Every line in the listing below from the one with "# ---- materials" through the one with "# ---- material node trees" is to be reproduced exactly, both ends included; leave out the rest.
··· Information shown ···
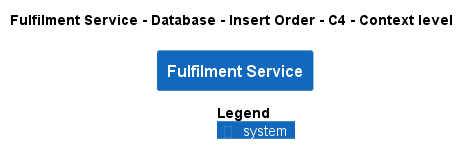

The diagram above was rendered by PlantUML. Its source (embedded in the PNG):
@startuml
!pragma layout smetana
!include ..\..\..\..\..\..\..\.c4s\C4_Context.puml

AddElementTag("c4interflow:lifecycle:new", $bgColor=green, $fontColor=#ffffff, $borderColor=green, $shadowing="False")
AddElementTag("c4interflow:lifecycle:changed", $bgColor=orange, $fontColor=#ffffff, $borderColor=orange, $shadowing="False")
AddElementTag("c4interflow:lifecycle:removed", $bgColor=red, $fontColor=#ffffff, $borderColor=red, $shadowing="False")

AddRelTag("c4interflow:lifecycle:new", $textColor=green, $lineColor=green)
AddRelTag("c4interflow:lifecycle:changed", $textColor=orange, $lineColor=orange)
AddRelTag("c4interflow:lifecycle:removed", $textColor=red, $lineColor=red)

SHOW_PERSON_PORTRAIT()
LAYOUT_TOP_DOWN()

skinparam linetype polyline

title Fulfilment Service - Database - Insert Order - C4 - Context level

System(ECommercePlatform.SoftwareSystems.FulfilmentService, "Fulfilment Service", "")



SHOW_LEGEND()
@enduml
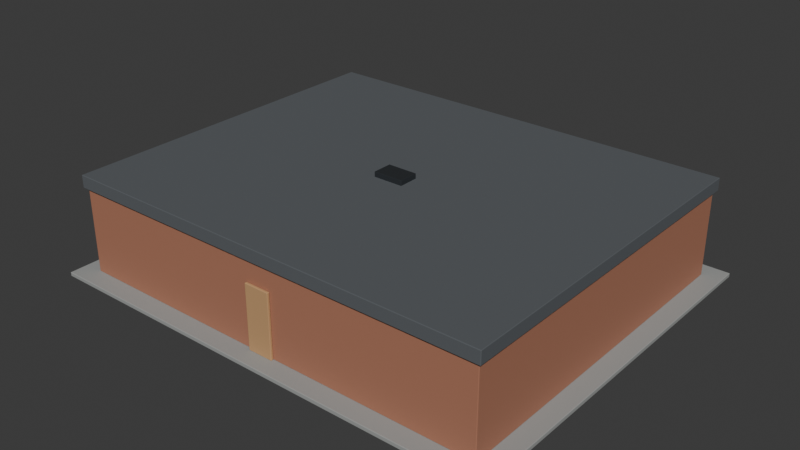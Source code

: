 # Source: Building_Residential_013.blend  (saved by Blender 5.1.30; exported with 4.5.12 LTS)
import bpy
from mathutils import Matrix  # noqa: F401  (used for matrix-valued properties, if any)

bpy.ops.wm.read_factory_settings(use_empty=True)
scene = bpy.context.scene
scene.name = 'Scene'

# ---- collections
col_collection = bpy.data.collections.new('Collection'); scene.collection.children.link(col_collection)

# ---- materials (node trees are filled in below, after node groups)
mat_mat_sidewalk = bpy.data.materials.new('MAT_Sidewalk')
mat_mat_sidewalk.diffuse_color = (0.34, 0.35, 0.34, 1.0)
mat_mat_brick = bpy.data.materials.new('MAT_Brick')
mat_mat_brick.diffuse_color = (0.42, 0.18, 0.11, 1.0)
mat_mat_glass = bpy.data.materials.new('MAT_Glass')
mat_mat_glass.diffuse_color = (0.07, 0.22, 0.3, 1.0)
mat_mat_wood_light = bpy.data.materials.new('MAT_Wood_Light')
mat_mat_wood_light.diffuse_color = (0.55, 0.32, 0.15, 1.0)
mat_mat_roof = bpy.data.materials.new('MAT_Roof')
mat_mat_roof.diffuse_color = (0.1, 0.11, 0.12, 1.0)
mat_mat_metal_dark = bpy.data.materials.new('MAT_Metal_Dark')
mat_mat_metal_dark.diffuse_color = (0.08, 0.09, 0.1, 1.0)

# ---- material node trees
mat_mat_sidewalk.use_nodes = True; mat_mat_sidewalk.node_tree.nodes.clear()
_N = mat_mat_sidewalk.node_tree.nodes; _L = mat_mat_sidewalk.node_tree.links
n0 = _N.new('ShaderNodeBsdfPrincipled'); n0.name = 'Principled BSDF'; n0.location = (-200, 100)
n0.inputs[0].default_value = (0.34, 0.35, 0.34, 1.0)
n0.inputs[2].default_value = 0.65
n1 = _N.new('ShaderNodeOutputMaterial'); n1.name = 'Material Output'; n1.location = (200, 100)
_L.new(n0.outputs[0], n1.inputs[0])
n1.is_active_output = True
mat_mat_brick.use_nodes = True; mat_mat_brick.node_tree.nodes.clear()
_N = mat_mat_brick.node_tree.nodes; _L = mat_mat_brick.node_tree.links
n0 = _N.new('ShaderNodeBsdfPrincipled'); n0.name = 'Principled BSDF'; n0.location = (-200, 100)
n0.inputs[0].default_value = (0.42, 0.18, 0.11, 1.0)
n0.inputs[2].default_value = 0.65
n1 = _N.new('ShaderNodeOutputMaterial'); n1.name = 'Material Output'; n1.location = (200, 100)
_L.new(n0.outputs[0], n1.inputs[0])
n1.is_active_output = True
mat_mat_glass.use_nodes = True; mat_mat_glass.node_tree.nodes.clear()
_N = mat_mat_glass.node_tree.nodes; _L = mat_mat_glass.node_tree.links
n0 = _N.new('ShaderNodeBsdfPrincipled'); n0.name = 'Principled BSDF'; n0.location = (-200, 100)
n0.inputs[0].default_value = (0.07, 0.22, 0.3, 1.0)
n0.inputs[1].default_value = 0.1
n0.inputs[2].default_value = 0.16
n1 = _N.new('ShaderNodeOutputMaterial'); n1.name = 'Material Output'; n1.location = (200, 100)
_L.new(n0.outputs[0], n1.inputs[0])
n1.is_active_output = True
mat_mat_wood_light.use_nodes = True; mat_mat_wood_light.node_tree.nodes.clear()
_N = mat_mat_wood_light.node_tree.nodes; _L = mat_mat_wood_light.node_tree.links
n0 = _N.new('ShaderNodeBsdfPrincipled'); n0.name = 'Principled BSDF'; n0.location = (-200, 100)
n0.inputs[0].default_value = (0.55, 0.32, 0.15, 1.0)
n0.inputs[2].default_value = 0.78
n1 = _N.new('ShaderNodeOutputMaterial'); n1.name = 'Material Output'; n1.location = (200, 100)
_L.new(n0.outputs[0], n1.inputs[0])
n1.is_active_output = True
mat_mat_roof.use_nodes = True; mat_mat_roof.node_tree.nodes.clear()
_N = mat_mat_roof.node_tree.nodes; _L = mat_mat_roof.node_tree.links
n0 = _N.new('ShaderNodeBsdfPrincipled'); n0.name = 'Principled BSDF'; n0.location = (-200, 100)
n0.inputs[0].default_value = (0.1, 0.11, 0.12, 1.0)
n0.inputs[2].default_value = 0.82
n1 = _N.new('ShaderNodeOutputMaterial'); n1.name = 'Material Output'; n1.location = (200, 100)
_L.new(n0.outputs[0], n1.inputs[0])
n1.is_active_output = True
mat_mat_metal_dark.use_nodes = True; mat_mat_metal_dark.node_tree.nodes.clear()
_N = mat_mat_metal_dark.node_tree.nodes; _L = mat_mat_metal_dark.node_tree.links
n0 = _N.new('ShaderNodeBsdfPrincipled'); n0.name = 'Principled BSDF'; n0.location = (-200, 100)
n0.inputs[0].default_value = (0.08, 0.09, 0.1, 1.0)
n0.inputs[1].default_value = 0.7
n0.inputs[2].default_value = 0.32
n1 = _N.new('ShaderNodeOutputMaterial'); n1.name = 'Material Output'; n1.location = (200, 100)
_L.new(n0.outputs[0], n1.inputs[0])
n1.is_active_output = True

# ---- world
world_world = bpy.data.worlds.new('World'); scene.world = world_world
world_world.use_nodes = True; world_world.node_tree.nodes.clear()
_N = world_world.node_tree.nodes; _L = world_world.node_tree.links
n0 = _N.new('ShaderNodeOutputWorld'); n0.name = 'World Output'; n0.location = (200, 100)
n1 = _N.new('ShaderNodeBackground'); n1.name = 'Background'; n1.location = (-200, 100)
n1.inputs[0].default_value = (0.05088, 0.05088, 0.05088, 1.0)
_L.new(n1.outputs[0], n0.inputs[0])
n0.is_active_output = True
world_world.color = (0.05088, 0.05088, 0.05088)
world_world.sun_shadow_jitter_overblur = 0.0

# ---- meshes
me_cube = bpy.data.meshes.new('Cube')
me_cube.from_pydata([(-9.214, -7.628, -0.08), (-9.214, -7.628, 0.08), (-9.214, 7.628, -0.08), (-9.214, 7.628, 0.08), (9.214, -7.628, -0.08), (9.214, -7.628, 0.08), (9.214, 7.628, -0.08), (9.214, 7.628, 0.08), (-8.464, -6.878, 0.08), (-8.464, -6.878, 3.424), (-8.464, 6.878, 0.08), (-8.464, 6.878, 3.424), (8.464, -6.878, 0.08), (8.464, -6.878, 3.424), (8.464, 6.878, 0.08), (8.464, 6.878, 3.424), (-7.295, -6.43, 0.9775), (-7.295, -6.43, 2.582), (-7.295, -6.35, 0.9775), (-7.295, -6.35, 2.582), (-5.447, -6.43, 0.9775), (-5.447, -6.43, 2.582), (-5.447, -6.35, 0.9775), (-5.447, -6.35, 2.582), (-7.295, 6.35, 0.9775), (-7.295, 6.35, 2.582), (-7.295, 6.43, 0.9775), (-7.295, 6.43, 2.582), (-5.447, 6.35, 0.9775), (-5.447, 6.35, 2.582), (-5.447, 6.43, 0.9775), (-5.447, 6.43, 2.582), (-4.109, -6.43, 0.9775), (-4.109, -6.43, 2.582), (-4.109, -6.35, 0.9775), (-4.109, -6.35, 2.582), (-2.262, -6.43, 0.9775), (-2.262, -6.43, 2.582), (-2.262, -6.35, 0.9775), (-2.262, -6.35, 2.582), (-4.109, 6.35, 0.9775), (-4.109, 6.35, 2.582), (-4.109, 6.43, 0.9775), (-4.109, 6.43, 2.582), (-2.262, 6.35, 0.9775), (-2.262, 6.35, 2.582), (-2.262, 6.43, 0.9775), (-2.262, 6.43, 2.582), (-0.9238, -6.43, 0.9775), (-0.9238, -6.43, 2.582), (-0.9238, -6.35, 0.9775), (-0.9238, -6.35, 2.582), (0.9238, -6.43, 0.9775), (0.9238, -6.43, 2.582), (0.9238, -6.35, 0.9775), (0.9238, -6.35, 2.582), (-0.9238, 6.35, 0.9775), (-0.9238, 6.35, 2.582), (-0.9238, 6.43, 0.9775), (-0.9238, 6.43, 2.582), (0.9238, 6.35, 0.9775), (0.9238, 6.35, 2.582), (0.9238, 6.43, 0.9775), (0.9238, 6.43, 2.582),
···
### Response
# ---- materials (node trees are filled in below, after node groups)
mat_mat_sidewalk = bpy.data.materials.new('MAT_Sidewalk')
mat_mat_sidewalk.diffuse_color = (0.34, 0.35, 0.34, 1.0)
mat_mat_brick = bpy.data.materials.new('MAT_Brick')
mat_mat_brick.diffuse_color = (0.42, 0.18, 0.11, 1.0)
mat_mat_glass = bpy.data.materials.new('MAT_Glass')
mat_mat_glass.diffuse_color = (0.07, 0.22, 0.3, 1.0)
mat_mat_wood_light = bpy.data.materials.new('MAT_Wood_Light')
mat_mat_wood_light.diffuse_color = (0.55, 0.32, 0.15, 1.0)
mat_mat_roof = bpy.data.materials.new('MAT_Roof')
mat_mat_roof.diffuse_color = (0.1, 0.11, 0.12, 1.0)
mat_mat_metal_dark = bpy.data.materials.new('MAT_Metal_Dark')
mat_mat_metal_dark.diffuse_color = (0.08, 0.09, 0.1, 1.0)

# ---- material node trees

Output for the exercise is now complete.